# HTC Boot unlocker Available for Sprint



## bhdunn

See: http://htcdev.com/bootloader/

Sent from my Inspire 4G using RootzWiki Forums


----------



## dvlukno

Has anyone done this? Should I bother if I've already used AlphaRevX to do the job?


----------



## USSENTERNCC1701E

You actually cannot do this if you have alpha rev without rewriting your S-OFF bootloader with the latest OTA 1.50 HBOOT. And no, do not do that. The HTC Unlocked is still S-ON, and they'll register your phone's serial with a database of phones with voided manufacturer warranties.


----------



## bhdunn

"USSENTERNCC1701E said:


> You actually cannot do this if you have alpha rev without rewriting your S-OFF bootloader with the latest OTA 1.50 HBOOT. And no, do not do that. The HTC Unlocked is still S-ON, and they'll register your phone's serial with a database of phones with voided manufacturer warranties.


From HTC site:

" It is our responsibility to caution you that not all claims resulting or caused by or from the unlocking of the bootloader may be covered under warranty. Please note that unlocking your bootloader does not mean that you will be able to unlock the SIM lock. Unlocking your SIM lock is at the discretion of your operator/carrier and is not part of the bootloader unlocking scope."

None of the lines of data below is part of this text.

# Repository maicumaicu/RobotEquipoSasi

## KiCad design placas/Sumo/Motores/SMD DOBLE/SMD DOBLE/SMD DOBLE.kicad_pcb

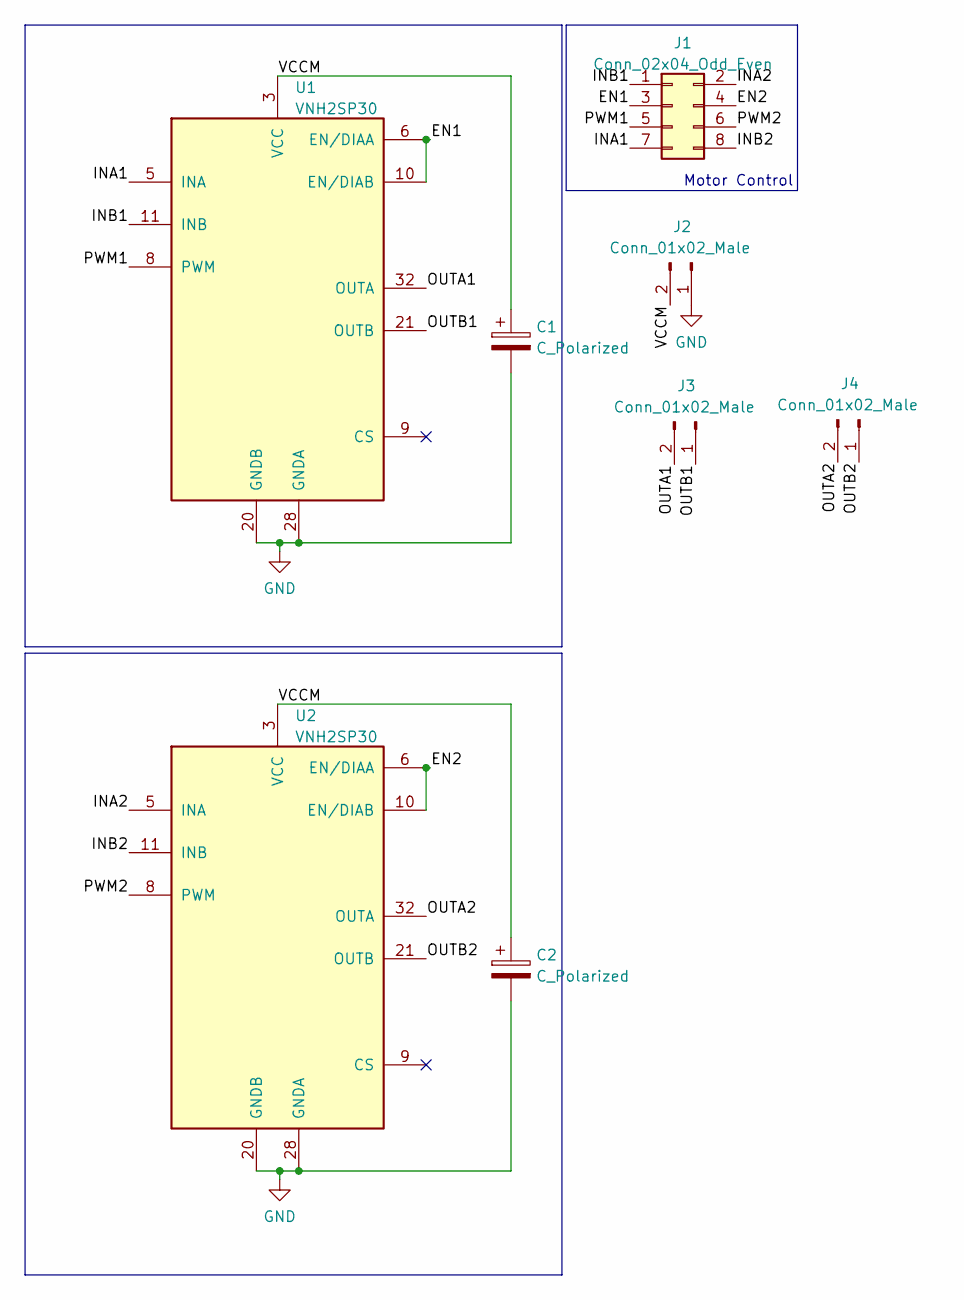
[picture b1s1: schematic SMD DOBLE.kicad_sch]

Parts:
C1, C2: C_Polarized; CP_Elec_5x5.3
J1: Conn_02x04_Odd_Even; IDC-Header_2x04_P2.54mm_Vertical
J2, J3, J4: Conn_01x02_Male; TerminalBlock_bornier-2_P5.08mm
U1, U2: VNH2SP30; ST_MultiPowerSO-30

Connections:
/EN1: J1.3, U1.6 (EN/DIAA), U1.10 (EN/DIAB)
/EN2: J1.4, U2.6 (EN/DIAA), U2.10 (EN/DIAB)
/INA1: J1.7, U1.5 (INA)
/INA2: J1.2, U2.5 (INA)
/INB1: J1.1, U1.11 (INB)
/INB2: J1.8, U2.11 (INB)
/OUTA1: J3.2, U1.1 (OUTA), U1.25 (OUTA), U1.30 (OUTA), U1.32 (OUTA)
/OUTA2: J4.2, U2.1 (OUTA), U2.25 (OUTA), U2.30 (OUTA), U2.32 (OUTA)
/OUTB1: J3.1, U1.15 (OUTB), U1.16 (OUTB), U1.21 (OUTB), U1.33 (OUTB)
/OUTB2: J4.1, U2.15 (OUTB), U2.16 (OUTB), U2.21 (OUTB), U2.33 (OUTB)
/PWM1: J1.5, U1.8 (PWM)
/PWM2: J1.6, U2.8 (PWM)
/VCCM: C1.1, C2.1, J2.2, U1.3 (VCC), U1.13 (VCC), U1.23 (VCC), U1.31 (VCC), U2.3 (VCC), U2.13 (VCC), U2.23 (VCC), U2.31 (VCC)
GND: C1.2, C2.2, J2.1, U1.18 (GNDB), U1.19 (GNDB), U1.20 (GNDB), U1.26 (GNDA), U1.27 (GNDA), U1.28 (GNDA), U2.18 (GNDB), U2.19 (GNDB), U2.20 (GNDB), U2.26 (GNDA), U2.27 (GNDA), U2.28 (GNDA)

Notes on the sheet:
Motor Control

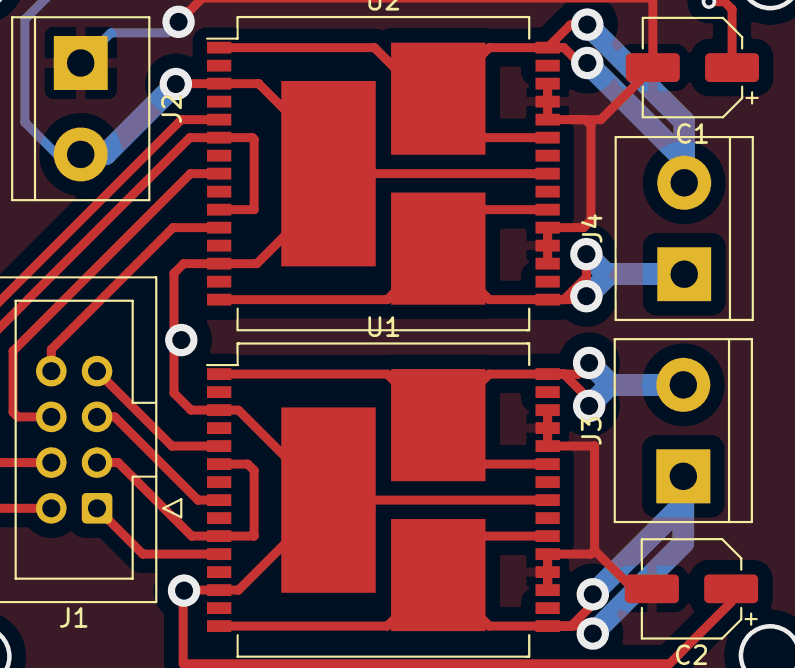
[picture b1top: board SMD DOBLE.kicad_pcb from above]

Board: 2 copper layers, 8 parts (0 on the bottom side), 14 nets.

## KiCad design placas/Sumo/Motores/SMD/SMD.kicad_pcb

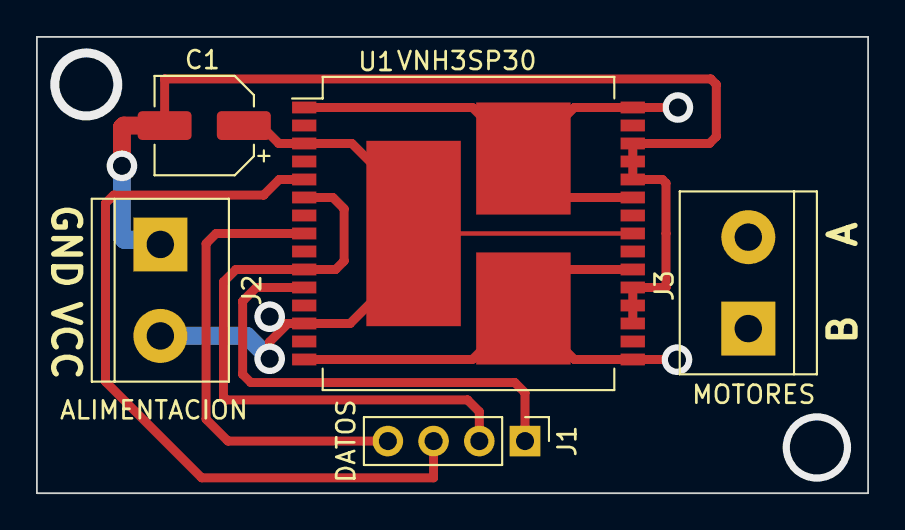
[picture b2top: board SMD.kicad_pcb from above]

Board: 2 copper layers, 46.2 x 25.3 mm, 5 parts (0 on the bottom side), 8 nets.

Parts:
C1: C_Polarized; CP_Elec_5x5.3
J1: DATOS; PinHeader_1x04_P2.54mm_Vertical
J2: ALIMENTACION; TerminalBlock_bornier-2_P5.08mm
J3: MOTORES; TerminalBlock_bornier-2_P5.08mm
U1: VNH3SP30; ST_MultiPowerSO-30

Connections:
/EN: J1.2, U1.6 (EN/DIAA), U1.10 (EN/DIAB)
/INA: J1.3, U1.5 (INA)
/INB: J1.1, U1.11 (INB)
/OUTA: J3.2, U1.1 (OUTA), U1.25 (OUTA), U1.30 (OUTA), U1.32 (OUTA)
/OUTB: J3.1, U1.15 (OUTB), U1.16 (OUTB), U1.21 (OUTB), U1.33 (OUTB)
/PWM: J1.4, U1.8 (PWM)
/VCCM: C1.1, J2.2, U1.3 (VCC), U1.13 (VCC), U1.23 (VCC), U1.31 (VCC)
GND: C1.2, J2.1, U1.18 (GNDB), U1.19 (GNDB), U1.20 (GNDB), U1.26 (GNDA), U1.27 (GNDA), U1.28 (GNDA)

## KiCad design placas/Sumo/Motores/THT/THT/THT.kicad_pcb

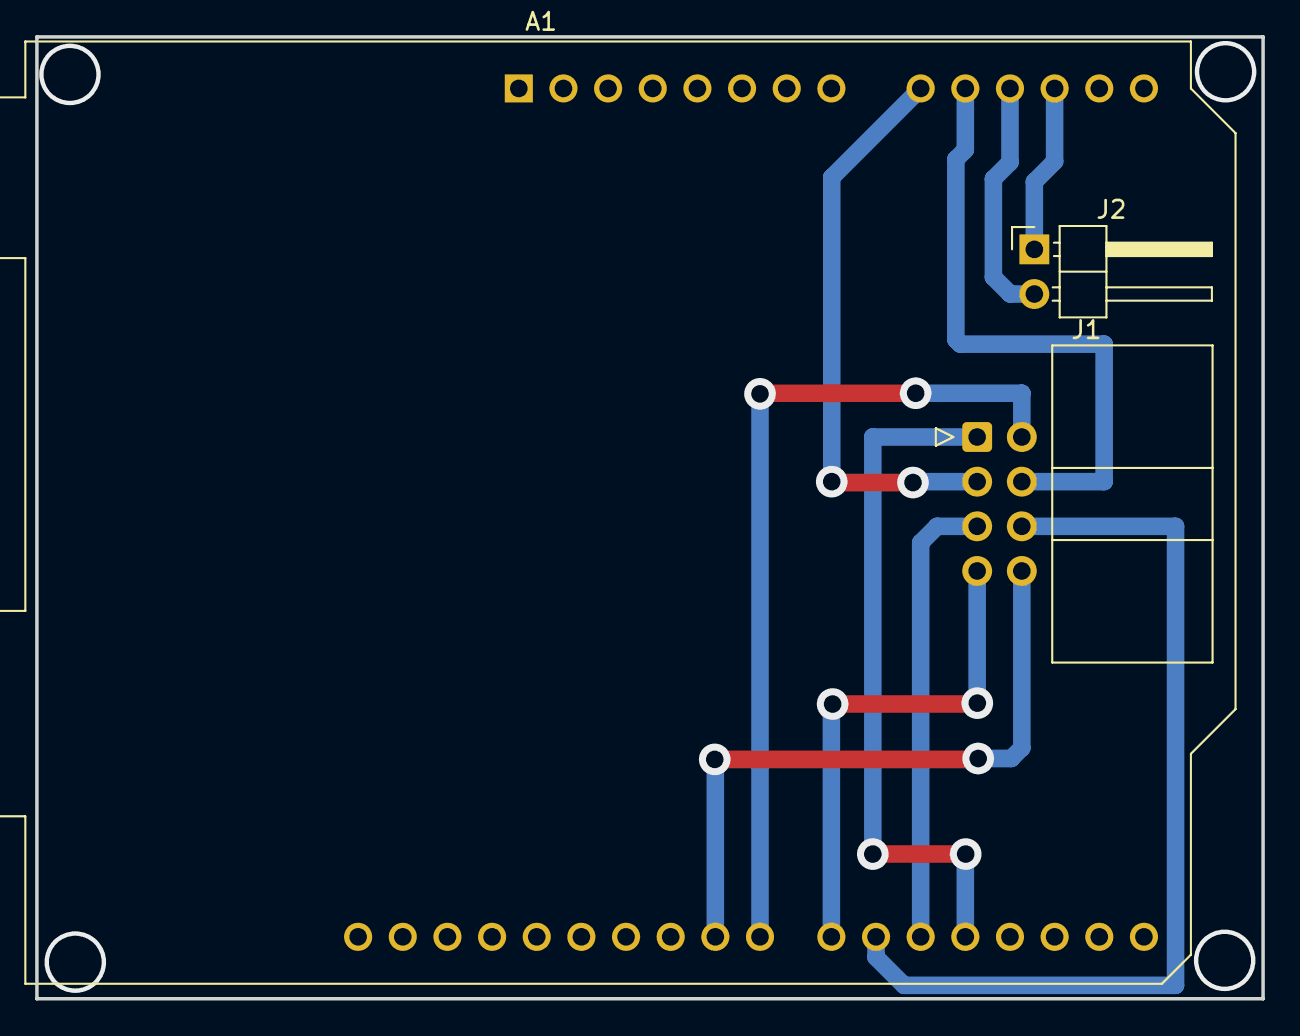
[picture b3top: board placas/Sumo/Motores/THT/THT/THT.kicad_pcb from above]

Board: 2 copper layers, 69.7 x 54.7 mm, 3 parts (0 on the bottom side), 10 nets.

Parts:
A1: Arduino_UNO_R3
J1: Control Motores; IDC-Header_2x04_P2.54mm_Horizontal
J2: Conn_01x02_Male; PinHeader_1x02_P2.54mm_Horizontal

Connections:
/C1: A1.11 (A2), J2.2
/C2: A1.12 (A3), J2.1
/EN1: A1.9 (A0), J1.3
/EN2: A1.10 (A1), J1.4
/INA1: A1.22 (D7), J1.7
/INA2: A1.23 (D8), J1.2
/INB1: A1.19 (D4), J1.1
/INB2: A1.24 (D9), J1.8
/PWM1: A1.20 (D5), J1.5
/PWM2: A1.21 (D6), J1.6

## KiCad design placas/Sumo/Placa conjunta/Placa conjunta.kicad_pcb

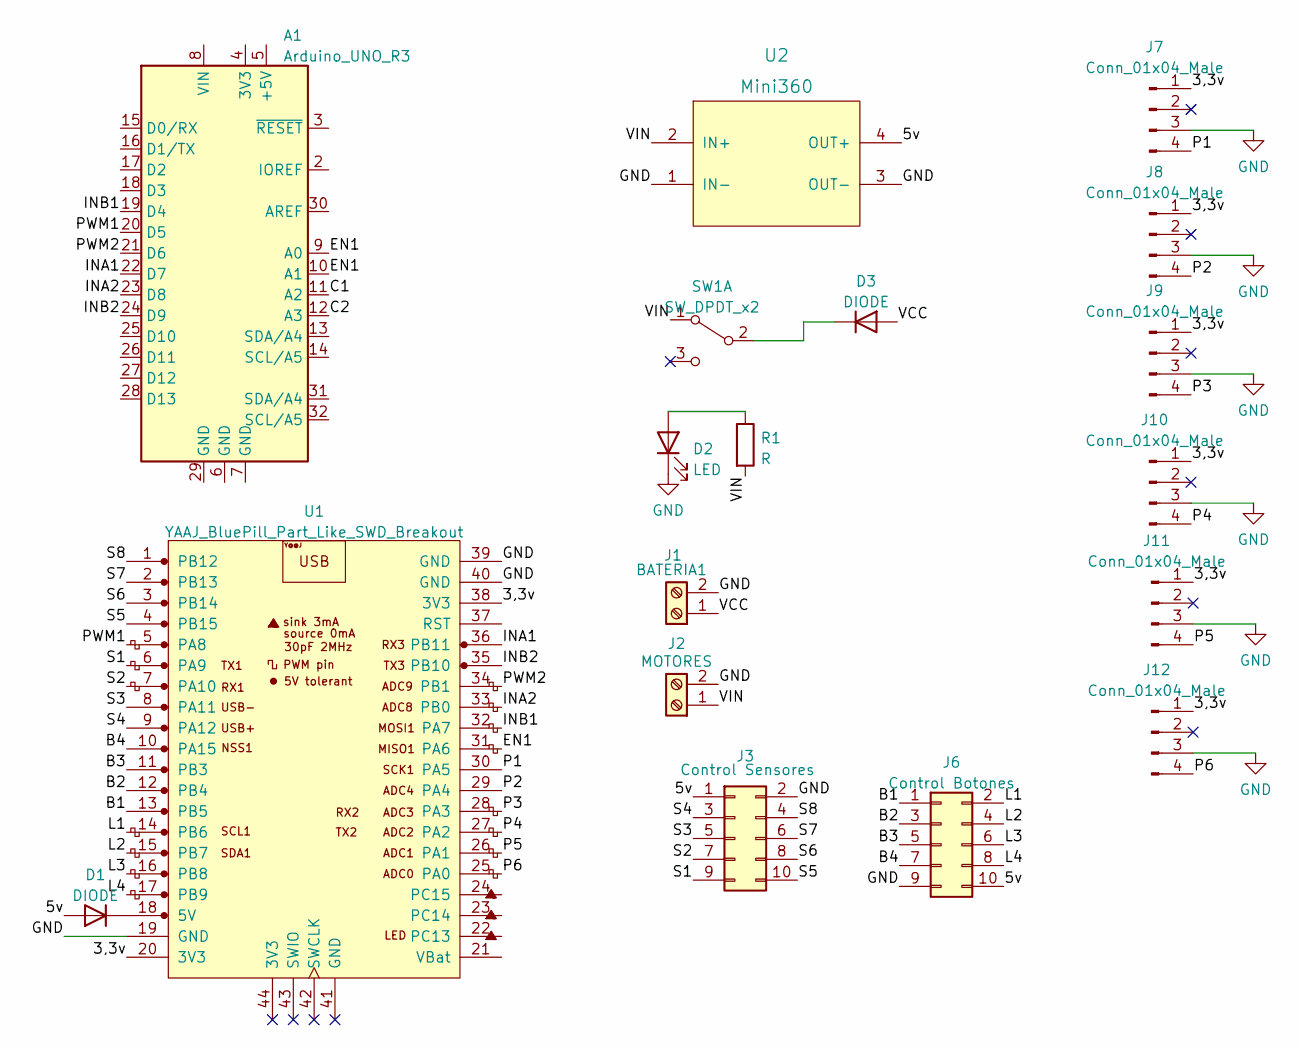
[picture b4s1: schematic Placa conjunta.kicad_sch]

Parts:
A1: Arduino_UNO_R3
D1, D3: DIODE; D_5W_P12.70mm_Horizontal
D2: LED; LED_D3.0mm
J1: BATERIA1; DEANS
J2: MOTORES; DEANS
J3: Control Sensores; IDC-Header_2x05_P2.54mm_Vertical
J6: Control Botones; IDC-Header_2x05_P2.54mm_Vertical
J7, J8, J9, J10, J11, J12: Conn_01x04_Male; JST_XH_B4B-XH-A_1x04_P2.50mm_Vertical
R1: R; R_Axial_DIN0207_L6.3mm_D2.5mm_P10.16mm_Horizontal
SW1: SW_DPDT_x2; Banana_Jack_3Pin
U1: YAAJ_BluePill_Part_Like_SWD_Breakout; YAAJ_BluePill_1
U2: Mini360; Mini360_step-down

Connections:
/3,3v: J7.1, J8.1, J9.1, J10.1, J11.1, J12.1, U1.20 (3V3), U1.38 (3V3)
/5v: D1.1 (A), J3.1, J6.10, U2.4 (OUT+)
/B1: J6.1, U1.13 (PB5)
/B2: J6.3, U1.12 (PB4)
/B3: J6.5, U1.11 (PB3)
/B4: J6.7, U1.10 (PA15)
/C1: A1.11 (A2)
/C2: A1.12 (A3)
/EN1: A1.9 (A0), A1.10 (A1), U1.31 (PA6)
/INA1: A1.22 (D7), U1.36 (PB11)
/INA2: A1.23 (D8), U1.33 (PB0)
/INB1: A1.19 (D4), U1.32 (PA7)
/INB2: A1.24 (D9), U1.35 (PB10)
/L1: J6.2, U1.14 (PB6)
/L2: J6.4, U1.15 (PB7)
/L3: J6.6, U1.16 (PB8)
/L4: J6.8, U1.17 (PB9)
/P1: J7.4, U1.30 (PA5)
/P2: J8.4, U1.29 (PA4)
/P3: J9.4, U1.28 (PA3)
/P4: J10.4, U1.27 (PA2)
/P5: J11.4, U1.26 (PA1)
/P6: J12.4, U1.25 (PA0)
/PWM1: A1.20 (D5), U1.5 (PA8)
/PWM2: A1.21 (D6), U1.34 (PB1)
/S1: J3.9, U1.6 (PA9)
/S2: J3.7, U1.7 (PA10)
/S3: J3.5, U1.8 (PA11)
/S4: J3.3, U1.9 (PA12)
/S5: J3.10, U1.4 (PB15)
/S6: J3.8, U1.3 (PB14)
/S7: J3.6, U1.2 (PB13)
/S8: J3.4, U1.1 (PB12)
/VCC: D3.1 (A), J1.1
/VIN: J2.1, R1.2, SW1.1 (A), U2.2 (IN+)
GND: D2.1 (K), J1.2, J2.2, J3.2, J6.9, J7.3, J8.3, J9.3, J10.3, J11.3, J12.3, U1.19 (GND), U1.39 (GND), U1.40 (GND), U2.1 (IN-), U2.3 (OUT-)
unnamed: D1.2 (K), U1.18 (5V)
unnamed: D2.2 (A), R1.1
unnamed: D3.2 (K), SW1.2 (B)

Translation: warranty may be denied, not will be denied.


----------



## USSENTERNCC1701E

bhdunn said:


> From HTC site:





> Credits
> 
> Revolutionary was brought to you by (in no particular order):
> 
> Koush Dutta • Kenny Millington • Joshua Wise • Ryan Pearl • Adam Glasgall • Matt Mastracci • Sen Verbrugge • Michael Sullivan • Matthew Fogle • The mysterious 0xf4b • Eric Smaxwill


Note the lack of HTC involvement in Revolutionary, draw your own conclusions.


----------



## lmbebo

HI

any word if they are working on an update to hboot 1.5?


----------



## busventinc

"lmbebo said:


> HI
> 
> any word if they are working on an update to hboot 1.5?


Was wondering the same thing


----------